Gather the lines from the material that contain "message".

DATA EXTRACT ::
Start of Block
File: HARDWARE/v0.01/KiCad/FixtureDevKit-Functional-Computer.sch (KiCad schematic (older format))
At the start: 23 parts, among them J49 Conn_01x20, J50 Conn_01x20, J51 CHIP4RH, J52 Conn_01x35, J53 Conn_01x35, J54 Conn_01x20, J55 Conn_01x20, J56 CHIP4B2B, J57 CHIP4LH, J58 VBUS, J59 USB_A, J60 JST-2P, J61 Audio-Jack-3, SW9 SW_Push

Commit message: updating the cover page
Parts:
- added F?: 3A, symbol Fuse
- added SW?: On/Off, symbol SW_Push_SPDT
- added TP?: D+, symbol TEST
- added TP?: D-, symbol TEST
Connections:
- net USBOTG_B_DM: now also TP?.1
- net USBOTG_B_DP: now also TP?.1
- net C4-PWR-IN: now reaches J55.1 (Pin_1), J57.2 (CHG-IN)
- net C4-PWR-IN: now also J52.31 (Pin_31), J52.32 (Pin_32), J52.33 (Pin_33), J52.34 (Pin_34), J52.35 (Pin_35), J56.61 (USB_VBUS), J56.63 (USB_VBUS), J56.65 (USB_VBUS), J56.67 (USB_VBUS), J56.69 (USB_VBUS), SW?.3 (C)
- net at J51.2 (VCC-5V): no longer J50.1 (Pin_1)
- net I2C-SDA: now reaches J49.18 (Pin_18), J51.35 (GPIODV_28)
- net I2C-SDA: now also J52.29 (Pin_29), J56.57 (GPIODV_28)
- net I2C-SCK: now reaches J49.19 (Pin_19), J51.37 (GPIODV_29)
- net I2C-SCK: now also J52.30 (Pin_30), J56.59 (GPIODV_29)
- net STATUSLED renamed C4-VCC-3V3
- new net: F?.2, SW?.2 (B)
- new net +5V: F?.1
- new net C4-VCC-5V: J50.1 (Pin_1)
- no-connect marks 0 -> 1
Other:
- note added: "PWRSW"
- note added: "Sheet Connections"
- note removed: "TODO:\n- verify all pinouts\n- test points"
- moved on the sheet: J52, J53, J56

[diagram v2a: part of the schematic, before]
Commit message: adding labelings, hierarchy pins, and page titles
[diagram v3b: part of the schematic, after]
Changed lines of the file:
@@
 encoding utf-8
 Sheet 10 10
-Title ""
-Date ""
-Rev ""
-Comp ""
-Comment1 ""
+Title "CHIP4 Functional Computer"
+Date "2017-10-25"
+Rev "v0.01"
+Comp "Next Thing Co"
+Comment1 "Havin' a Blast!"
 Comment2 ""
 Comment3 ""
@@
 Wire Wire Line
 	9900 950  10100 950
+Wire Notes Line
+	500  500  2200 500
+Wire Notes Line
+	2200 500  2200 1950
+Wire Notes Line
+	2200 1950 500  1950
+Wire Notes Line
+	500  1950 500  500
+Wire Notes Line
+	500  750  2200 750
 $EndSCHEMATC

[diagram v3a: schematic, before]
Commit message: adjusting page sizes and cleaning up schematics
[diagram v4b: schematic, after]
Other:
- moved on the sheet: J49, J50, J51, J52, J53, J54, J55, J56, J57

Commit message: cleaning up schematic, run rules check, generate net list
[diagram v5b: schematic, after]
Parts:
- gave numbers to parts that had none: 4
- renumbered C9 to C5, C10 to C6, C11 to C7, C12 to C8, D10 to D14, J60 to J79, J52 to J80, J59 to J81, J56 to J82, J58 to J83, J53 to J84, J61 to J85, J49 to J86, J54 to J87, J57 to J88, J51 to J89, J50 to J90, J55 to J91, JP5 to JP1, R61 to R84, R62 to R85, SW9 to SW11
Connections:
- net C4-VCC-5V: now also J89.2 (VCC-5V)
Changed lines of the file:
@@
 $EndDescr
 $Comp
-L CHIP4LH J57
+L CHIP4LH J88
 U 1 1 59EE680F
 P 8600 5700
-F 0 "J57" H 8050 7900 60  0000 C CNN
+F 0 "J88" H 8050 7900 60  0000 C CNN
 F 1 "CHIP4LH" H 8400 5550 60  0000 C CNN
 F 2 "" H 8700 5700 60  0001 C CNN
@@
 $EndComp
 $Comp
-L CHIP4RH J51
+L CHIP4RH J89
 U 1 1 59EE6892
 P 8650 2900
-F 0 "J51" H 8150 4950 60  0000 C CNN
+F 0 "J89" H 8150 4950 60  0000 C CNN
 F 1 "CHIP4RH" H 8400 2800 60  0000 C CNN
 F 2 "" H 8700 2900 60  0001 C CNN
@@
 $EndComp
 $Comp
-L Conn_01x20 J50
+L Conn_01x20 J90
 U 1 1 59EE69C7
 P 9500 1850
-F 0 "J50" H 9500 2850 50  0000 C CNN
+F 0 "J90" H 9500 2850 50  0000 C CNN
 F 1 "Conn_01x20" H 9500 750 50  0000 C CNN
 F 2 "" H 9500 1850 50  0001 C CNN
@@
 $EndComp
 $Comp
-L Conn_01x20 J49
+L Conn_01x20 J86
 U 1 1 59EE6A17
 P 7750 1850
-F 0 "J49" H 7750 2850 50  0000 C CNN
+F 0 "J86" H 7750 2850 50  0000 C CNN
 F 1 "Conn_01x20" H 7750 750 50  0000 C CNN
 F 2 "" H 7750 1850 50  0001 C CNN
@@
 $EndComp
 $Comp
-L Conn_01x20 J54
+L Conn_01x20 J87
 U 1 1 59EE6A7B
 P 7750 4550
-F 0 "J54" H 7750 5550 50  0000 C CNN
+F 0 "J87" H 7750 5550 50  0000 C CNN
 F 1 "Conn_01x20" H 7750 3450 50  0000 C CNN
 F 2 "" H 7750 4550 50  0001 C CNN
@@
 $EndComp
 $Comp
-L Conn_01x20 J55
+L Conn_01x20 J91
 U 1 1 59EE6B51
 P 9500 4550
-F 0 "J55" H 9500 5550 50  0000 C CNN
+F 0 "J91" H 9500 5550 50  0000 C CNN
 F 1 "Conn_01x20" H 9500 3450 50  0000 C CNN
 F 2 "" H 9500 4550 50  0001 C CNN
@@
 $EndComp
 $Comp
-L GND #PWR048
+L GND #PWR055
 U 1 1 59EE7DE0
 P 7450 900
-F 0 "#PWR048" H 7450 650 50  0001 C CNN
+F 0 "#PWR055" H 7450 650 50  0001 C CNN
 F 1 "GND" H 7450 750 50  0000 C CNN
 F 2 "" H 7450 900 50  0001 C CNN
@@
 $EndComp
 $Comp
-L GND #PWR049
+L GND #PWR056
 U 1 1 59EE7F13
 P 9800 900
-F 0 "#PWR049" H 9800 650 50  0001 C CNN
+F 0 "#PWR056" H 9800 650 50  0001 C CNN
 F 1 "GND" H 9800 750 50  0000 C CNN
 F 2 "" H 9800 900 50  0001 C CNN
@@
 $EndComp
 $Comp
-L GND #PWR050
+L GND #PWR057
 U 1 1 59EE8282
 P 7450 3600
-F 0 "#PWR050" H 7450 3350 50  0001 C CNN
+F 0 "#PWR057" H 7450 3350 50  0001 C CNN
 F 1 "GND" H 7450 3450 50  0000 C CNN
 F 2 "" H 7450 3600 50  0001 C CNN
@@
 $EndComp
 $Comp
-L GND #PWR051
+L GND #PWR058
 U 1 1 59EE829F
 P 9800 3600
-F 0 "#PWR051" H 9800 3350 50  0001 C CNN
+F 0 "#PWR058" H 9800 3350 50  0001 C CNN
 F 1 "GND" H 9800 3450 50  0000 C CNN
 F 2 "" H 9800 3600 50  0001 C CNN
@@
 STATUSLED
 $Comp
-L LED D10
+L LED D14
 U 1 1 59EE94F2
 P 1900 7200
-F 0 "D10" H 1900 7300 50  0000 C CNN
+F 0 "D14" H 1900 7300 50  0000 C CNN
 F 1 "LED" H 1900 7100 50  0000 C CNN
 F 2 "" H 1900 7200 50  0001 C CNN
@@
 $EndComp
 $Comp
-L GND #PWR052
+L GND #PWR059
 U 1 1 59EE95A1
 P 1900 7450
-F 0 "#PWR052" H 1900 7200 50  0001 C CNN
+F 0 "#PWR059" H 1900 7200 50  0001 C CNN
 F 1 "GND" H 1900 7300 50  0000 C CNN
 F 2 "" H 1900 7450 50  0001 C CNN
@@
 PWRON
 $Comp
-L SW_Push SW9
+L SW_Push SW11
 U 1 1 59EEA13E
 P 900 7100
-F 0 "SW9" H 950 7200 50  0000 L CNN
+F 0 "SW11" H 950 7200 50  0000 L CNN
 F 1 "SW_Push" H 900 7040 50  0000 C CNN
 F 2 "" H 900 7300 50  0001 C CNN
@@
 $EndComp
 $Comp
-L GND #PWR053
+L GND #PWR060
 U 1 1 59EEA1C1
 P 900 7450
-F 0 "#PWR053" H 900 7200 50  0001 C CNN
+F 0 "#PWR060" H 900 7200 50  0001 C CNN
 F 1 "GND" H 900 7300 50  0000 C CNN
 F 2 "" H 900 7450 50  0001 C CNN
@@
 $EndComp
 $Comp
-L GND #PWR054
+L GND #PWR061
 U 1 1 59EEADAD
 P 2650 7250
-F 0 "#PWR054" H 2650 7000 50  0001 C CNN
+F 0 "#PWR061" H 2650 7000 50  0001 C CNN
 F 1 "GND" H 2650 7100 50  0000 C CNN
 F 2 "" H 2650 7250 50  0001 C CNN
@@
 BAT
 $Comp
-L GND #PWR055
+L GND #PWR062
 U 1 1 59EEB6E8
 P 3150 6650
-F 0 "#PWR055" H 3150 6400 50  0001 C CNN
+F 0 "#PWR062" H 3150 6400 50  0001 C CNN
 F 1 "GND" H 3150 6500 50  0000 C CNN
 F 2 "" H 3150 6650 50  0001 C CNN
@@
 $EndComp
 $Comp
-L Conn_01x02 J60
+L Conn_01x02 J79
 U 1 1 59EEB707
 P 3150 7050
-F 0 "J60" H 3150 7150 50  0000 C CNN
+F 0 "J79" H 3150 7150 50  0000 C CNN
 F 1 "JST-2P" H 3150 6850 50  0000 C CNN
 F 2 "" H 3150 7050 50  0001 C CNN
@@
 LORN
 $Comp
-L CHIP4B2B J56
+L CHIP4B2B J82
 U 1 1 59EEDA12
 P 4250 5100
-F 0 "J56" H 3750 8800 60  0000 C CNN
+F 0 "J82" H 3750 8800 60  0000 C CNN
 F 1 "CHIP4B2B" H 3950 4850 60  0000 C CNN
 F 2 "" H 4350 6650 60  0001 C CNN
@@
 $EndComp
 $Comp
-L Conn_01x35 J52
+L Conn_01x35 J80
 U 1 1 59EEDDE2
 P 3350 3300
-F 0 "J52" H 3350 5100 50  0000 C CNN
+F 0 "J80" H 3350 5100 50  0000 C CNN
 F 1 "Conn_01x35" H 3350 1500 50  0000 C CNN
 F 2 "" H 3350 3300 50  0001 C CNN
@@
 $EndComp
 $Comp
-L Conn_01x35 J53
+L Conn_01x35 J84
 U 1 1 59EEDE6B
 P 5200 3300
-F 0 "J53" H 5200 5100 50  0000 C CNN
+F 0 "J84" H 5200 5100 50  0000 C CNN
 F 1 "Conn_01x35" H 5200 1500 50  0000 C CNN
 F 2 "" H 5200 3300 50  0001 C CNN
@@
End of Block
TASK OUTPUT ::
Commit message: updating the cover page
Commit message: adding labelings, hierarchy pins, and page titles
Commit message: adjusting page sizes and cleaning up schematics
Commit message: cleaning up schematic, run rules check, generate net list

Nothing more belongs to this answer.